— Task to carry out —
Without any pictures, print the lines below from the one that has "#11979 = CARTESIAN_POINT" through the one that has "#8527 = CARTESIAN_POINT", exactly and nothing else.

— Data items —
----

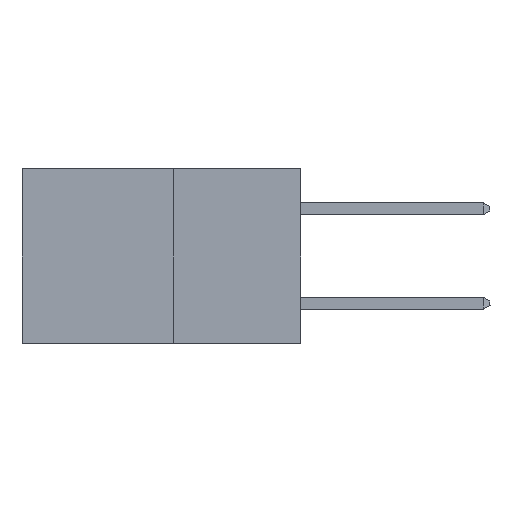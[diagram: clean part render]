
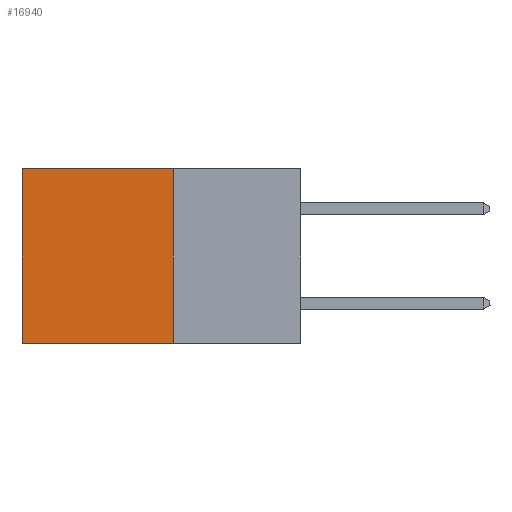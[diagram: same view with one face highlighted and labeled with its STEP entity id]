
A CAD part, left-side view. The second image highlights one B-rep face of the part: STEP entity #16940.
In plain terms, the highlighted planar face has unit normal (-1, 0, 0).
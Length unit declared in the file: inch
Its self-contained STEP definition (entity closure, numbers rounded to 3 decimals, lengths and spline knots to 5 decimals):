
#579 = CARTESIAN_POINT ( 'NONE',  ( 0.277, 0.27, 0. ) ) ;
#1202 = LINE ( 'NONE', #14376, #9563 ) ;
#1275 = EDGE_CURVE ( 'NONE', #12321, #19561, #14846, .T. ) ;
#2066 = VERTEX_POINT ( 'NONE', #579 ) ;
#2569 = LINE ( 'NONE', #17374, #6511 ) ;
#2836 = DIRECTION ( 'NONE',  ( 0., 0., -1. ) ) ;
#4159 = EDGE_LOOP ( 'NONE', ( #17099, #9391, #13766, #15833 ) ) ;
#6490 = EDGE_CURVE ( 'NONE', #2066, #11490, #6896, .T. ) ;
#6511 = VECTOR ( 'NONE', #17356, 39.37008 ) ;
#6896 = LINE ( 'NONE', #12881, #18979 ) ;
#7877 = AXIS2_PLACEMENT_3D ( 'NONE', #12741, #12807, #2836 ) ;
#8025 = CARTESIAN_POINT ( 'NONE',  ( 0.277, 0.59, 0. ) ) ;
#8971 = EDGE_CURVE ( 'NONE', #11490, #19561, #2569, .T. ) ;
#9391 = ORIENTED_EDGE ( 'NONE', *, *, #1275, .F. ) ;
#9563 = VECTOR ( 'NONE', #16034, 39.37008 ) ;
#10499 = VECTOR ( 'NONE', #14595, 39.37008 ) ;
#11400 = EDGE_CURVE ( 'NONE', #2066, #12321, #1202, .T. ) ;
#11490 = VERTEX_POINT ( 'NONE', #8025 ) ;
#11979 = CARTESIAN_POINT ( 'NONE',  ( 0.277, 0.27, -0.37 ) ) ;
#12321 = VERTEX_POINT ( 'NONE', #11979 ) ;
#12741 = CARTESIAN_POINT ( 'NONE',  ( 0.277, 0.27, -0.37 ) ) ;
#12807 = DIRECTION ( 'NONE',  ( 1., 0., 0. ) ) ;
#12809 = DIRECTION ( 'NONE',  ( 0., 1., 0. ) ) ;
#12881 = CARTESIAN_POINT ( 'NONE',  ( 0.277, 0.27, 0. ) ) ;
#13766 = ORIENTED_EDGE ( 'NONE', *, *, #11400, .F. ) ;
#14376 = CARTESIAN_POINT ( 'NONE',  ( 0.277, 0.27, -0.37 ) ) ;
#14595 = DIRECTION ( 'NONE',  ( 0., 1., 0. ) ) ;
#14846 = LINE ( 'NONE', #17463, #10499 ) ;
#15833 = ORIENTED_EDGE ( 'NONE', *, *, #6490, .T. ) ;
#16034 = DIRECTION ( 'NONE',  ( 0., 0., -1. ) ) ;
#16940 = ADVANCED_FACE ( 'NONE', ( #17222 ), #20892, .F. ) ;
#17099 = ORIENTED_EDGE ( 'NONE', *, *, #8971, .T. ) ;
#17222 = FACE_OUTER_BOUND ( 'NONE', #4159, .T. ) ;
#17356 = DIRECTION ( 'NONE',  ( 0., 0., -1. ) ) ;
#17374 = CARTESIAN_POINT ( 'NONE',  ( 0.277, 0.59, -0.37 ) ) ;
#17463 = CARTESIAN_POINT ( 'NONE',  ( 0.277, 0.27, -0.37 ) ) ;
#18979 = VECTOR ( 'NONE', #12809, 39.37008 ) ;
#19283 = CARTESIAN_POINT ( 'NONE',  ( 0.277, 0.59, -0.37 ) ) ;
#19561 = VERTEX_POINT ( 'NONE', #19283 ) ;
#20892 = PLANE ( 'NONE',  #7877 ) ;
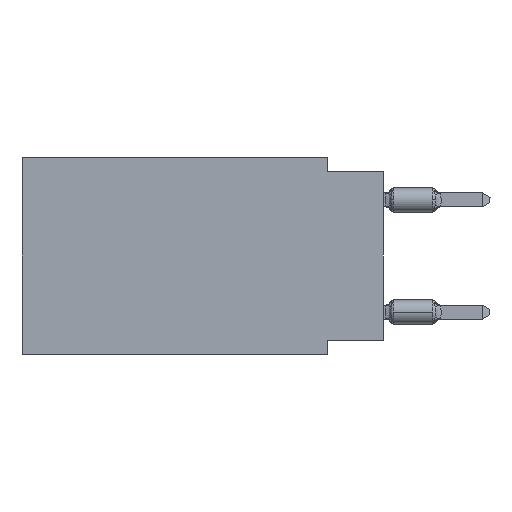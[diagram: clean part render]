
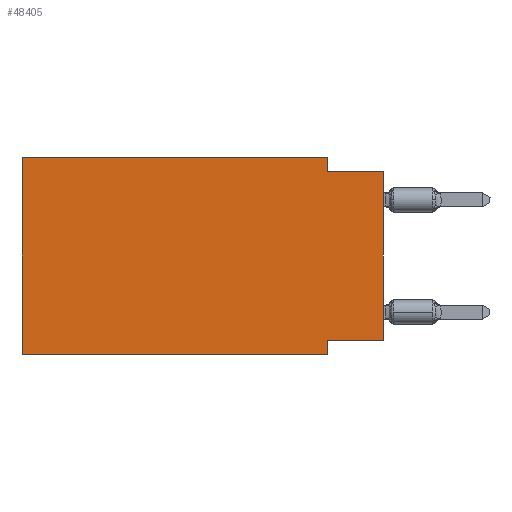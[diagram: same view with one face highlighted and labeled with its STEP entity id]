
A CAD part, left-side view. The second image highlights one B-rep face of the part: STEP entity #48405.
In plain terms, the highlighted planar face has unit normal (-1, 0, 0).
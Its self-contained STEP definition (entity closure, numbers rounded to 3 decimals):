
#315 = VECTOR ( 'NONE', #18700, 1000. ) ;
#533 = FACE_OUTER_BOUND ( 'NONE', #52913, .T. ) ;
#566 = DIRECTION ( 'NONE',  ( 0., 0., -1. ) ) ;
#2005 = VERTEX_POINT ( 'NONE', #57512 ) ;
#3115 = EDGE_CURVE ( 'NONE', #7794, #45895, #36217, .T. ) ;
#3172 = VECTOR ( 'NONE', #33998, 1000. ) ;
#3425 = VECTOR ( 'NONE', #61340, 1000. ) ;
#4686 = CARTESIAN_POINT ( 'NONE',  ( 0., 0., 0. ) ) ;
#7086 = VECTOR ( 'NONE', #26670, 1000. ) ;
#7757 = LINE ( 'NONE', #22382, #25774 ) ;
#7794 = VERTEX_POINT ( 'NONE', #37280 ) ;
#8350 = EDGE_CURVE ( 'NONE', #61000, #51869, #42919, .T. ) ;
#8527 = CARTESIAN_POINT ( 'NONE',  ( 0., 16.383, 0. ) ) ;
#8563 = EDGE_CURVE ( 'NONE', #61000, #12843, #7757, .T. ) ;
#10937 = VERTEX_POINT ( 'NONE', #34631 ) ;
#11666 = CARTESIAN_POINT ( 'NONE',  ( 0., 16.383, 0. ) ) ;
#12026 = ORIENTED_EDGE ( 'NONE', *, *, #8563, .T. ) ;
#12843 = VERTEX_POINT ( 'NONE', #18930 ) ;
#13213 = DIRECTION ( 'NONE',  ( 0., 0., -1. ) ) ;
#14586 = AXIS2_PLACEMENT_3D ( 'NONE', #11666, #40661, #25998 ) ;
#17296 = VECTOR ( 'NONE', #566, 1000. ) ;
#17414 = CARTESIAN_POINT ( 'NONE',  ( 0., 0., -8.255 ) ) ;
#17518 = CARTESIAN_POINT ( 'NONE',  ( 0., 16.383, 0. ) ) ;
#18229 = DIRECTION ( 'NONE',  ( 0., -1., 0. ) ) ;
#18295 = LINE ( 'NONE', #56855, #30764 ) ;
#18700 = DIRECTION ( 'NONE',  ( 0., 0., 1. ) ) ;
#18930 = CARTESIAN_POINT ( 'NONE',  ( 0., 2.54, -8.89 ) ) ;
#20101 = ORIENTED_EDGE ( 'NONE', *, *, #59501, .F. ) ;
#21405 = EDGE_CURVE ( 'NONE', #7794, #10937, #52452, .T. ) ;
#22382 = CARTESIAN_POINT ( 'NONE',  ( 0., 16.383, -8.89 ) ) ;
#23393 = CARTESIAN_POINT ( 'NONE',  ( 0., 2.54, -8.255 ) ) ;
#25774 = VECTOR ( 'NONE', #18229, 1000. ) ;
#25998 = DIRECTION ( 'NONE',  ( 0., 0., -1. ) ) ;
#26670 = DIRECTION ( 'NONE',  ( 0., 1., 0. ) ) ;
#27408 = DIRECTION ( 'NONE',  ( 0., -1., 0. ) ) ;
#28280 = PLANE ( 'NONE',  #14586 ) ;
#28795 = EDGE_CURVE ( 'NONE', #2005, #10937, #61021, .T. ) ;
#28969 = ORIENTED_EDGE ( 'NONE', *, *, #28795, .F. ) ;
#30764 = VECTOR ( 'NONE', #13213, 1000. ) ;
#32196 = ORIENTED_EDGE ( 'NONE', *, *, #8350, .F. ) ;
#33998 = DIRECTION ( 'NONE',  ( 0., 0., 1. ) ) ;
#34631 = CARTESIAN_POINT ( 'NONE',  ( 0., 0., -0.635 ) ) ;
#36217 = LINE ( 'NONE', #17414, #7086 ) ;
#37280 = CARTESIAN_POINT ( 'NONE',  ( 0., 0., -8.255 ) ) ;
#40365 = CARTESIAN_POINT ( 'NONE',  ( 0., 2.54, -8.89 ) ) ;
#40661 = DIRECTION ( 'NONE',  ( 1., 0., 0. ) ) ;
#42919 = LINE ( 'NONE', #8527, #315 ) ;
#43458 = CARTESIAN_POINT ( 'NONE',  ( 0., 16.383, 0. ) ) ;
#44878 = EDGE_CURVE ( 'NONE', #51869, #58788, #61173, .T. ) ;
#45895 = VERTEX_POINT ( 'NONE', #23393 ) ;
#46248 = ORIENTED_EDGE ( 'NONE', *, *, #47028, .F. ) ;
#46555 = ORIENTED_EDGE ( 'NONE', *, *, #44878, .F. ) ;
#47028 = EDGE_CURVE ( 'NONE', #58788, #2005, #18295, .T. ) ;
#47471 = ORIENTED_EDGE ( 'NONE', *, *, #21405, .T. ) ;
#48405 = ADVANCED_FACE ( 'NONE', ( #533 ), #28280, .F. ) ;
#50619 = CARTESIAN_POINT ( 'NONE',  ( 0., 2.54, 0. ) ) ;
#51869 = VERTEX_POINT ( 'NONE', #43458 ) ;
#52452 = LINE ( 'NONE', #4686, #3172 ) ;
#52913 = EDGE_LOOP ( 'NONE', ( #47471, #28969, #46248, #46555, #32196, #12026, #20101, #59783 ) ) ;
#55124 = VECTOR ( 'NONE', #27408, 1000. ) ;
#56232 = CARTESIAN_POINT ( 'NONE',  ( 0., 0., -0.635 ) ) ;
#56855 = CARTESIAN_POINT ( 'NONE',  ( 0., 2.54, 0. ) ) ;
#57512 = CARTESIAN_POINT ( 'NONE',  ( 0., 2.54, -0.635 ) ) ;
#58788 = VERTEX_POINT ( 'NONE', #50619 ) ;
#59501 = EDGE_CURVE ( 'NONE', #45895, #12843, #59817, .T. ) ;
#59783 = ORIENTED_EDGE ( 'NONE', *, *, #3115, .F. ) ;
#59817 = LINE ( 'NONE', #40365, #17296 ) ;
#60532 = CARTESIAN_POINT ( 'NONE',  ( 0., 16.383, -8.89 ) ) ;
#61000 = VERTEX_POINT ( 'NONE', #60532 ) ;
#61021 = LINE ( 'NONE', #56232, #3425 ) ;
#61173 = LINE ( 'NONE', #17518, #55124 ) ;
#61340 = DIRECTION ( 'NONE',  ( 0., -1., 0. ) ) ;

----

— Solution to the exercise —
#11979 = CARTESIAN_POINT ( 'NONE',  ( 0.277, 0.27, -0.37 ) ) ;
#12321 = VERTEX_POINT ( 'NONE', #11979 ) ;
#12741 = CARTESIAN_POINT ( 'NONE',  ( 0.277, 0.27, -0.37 ) ) ;
#12807 = DIRECTION ( 'NONE',  ( 1., 0., 0. ) ) ;
#12809 = DIRECTION ( 'NONE',  ( 0., 1., 0. ) ) ;
#12881 = CARTESIAN_POINT ( 'NONE',  ( 0.277, 0.27, 0. ) ) ;
#13766 = ORIENTED_EDGE ( 'NONE', *, *, #11400, .F. ) ;
#14376 = CARTESIAN_POINT ( 'NONE',  ( 0.277, 0.27, -0.37 ) ) ;
#14595 = DIRECTION ( 'NONE',  ( 0., 1., 0. ) ) ;
#14846 = LINE ( 'NONE', #17463, #10499 ) ;
#15833 = ORIENTED_EDGE ( 'NONE', *, *, #6490, .T. ) ;
#16034 = DIRECTION ( 'NONE',  ( 0., 0., -1. ) ) ;
#16940 = ADVANCED_FACE ( 'NONE', ( #17222 ), #20892, .F. ) ;
#17099 = ORIENTED_EDGE ( 'NONE', *, *, #8971, .T. ) ;
#17222 = FACE_OUTER_BOUND ( 'NONE', #4159, .T. ) ;
#17356 = DIRECTION ( 'NONE',  ( 0., 0., -1. ) ) ;
#17374 = CARTESIAN_POINT ( 'NONE',  ( 0.277, 0.59, -0.37 ) ) ;
#17463 = CARTESIAN_POINT ( 'NONE',  ( 0.277, 0.27, -0.37 ) ) ;
#18979 = VECTOR ( 'NONE', #12809, 39.37008 ) ;
#19283 = CARTESIAN_POINT ( 'NONE',  ( 0.277, 0.59, -0.37 ) ) ;
#19561 = VERTEX_POINT ( 'NONE', #19283 ) ;
#20892 = PLANE ( 'NONE',  #7877 ) ;
[diagram: clean part render]
[diagram: same view with one face highlighted and labeled with its STEP entity id]
A CAD part, left-side view. The second image highlights one B-rep face of the part: STEP entity #48405.
In plain terms, the highlighted planar face has unit normal (-1, 0, 0).
Its self-contained STEP definition (entity closure, numbers rounded to 3 decimals):
#315 = VECTOR ( 'NONE', #18700, 1000. ) ;
#533 = FACE_OUTER_BOUND ( 'NONE', #52913, .T. ) ;
#566 = DIRECTION ( 'NONE',  ( 0., 0., -1. ) ) ;
#2005 = VERTEX_POINT ( 'NONE', #57512 ) ;
#3115 = EDGE_CURVE ( 'NONE', #7794, #45895, #36217, .T. ) ;
#3172 = VECTOR ( 'NONE', #33998, 1000. ) ;
#3425 = VECTOR ( 'NONE', #61340, 1000. ) ;
#4686 = CARTESIAN_POINT ( 'NONE',  ( 0., 0., 0. ) ) ;
#7086 = VECTOR ( 'NONE', #26670, 1000. ) ;
#7757 = LINE ( 'NONE', #22382, #25774 ) ;
#7794 = VERTEX_POINT ( 'NONE', #37280 ) ;
#8350 = EDGE_CURVE ( 'NONE', #61000, #51869, #42919, .T. ) ;
#8527 = CARTESIAN_POINT ( 'NONE',  ( 0., 16.383, 0. ) ) ;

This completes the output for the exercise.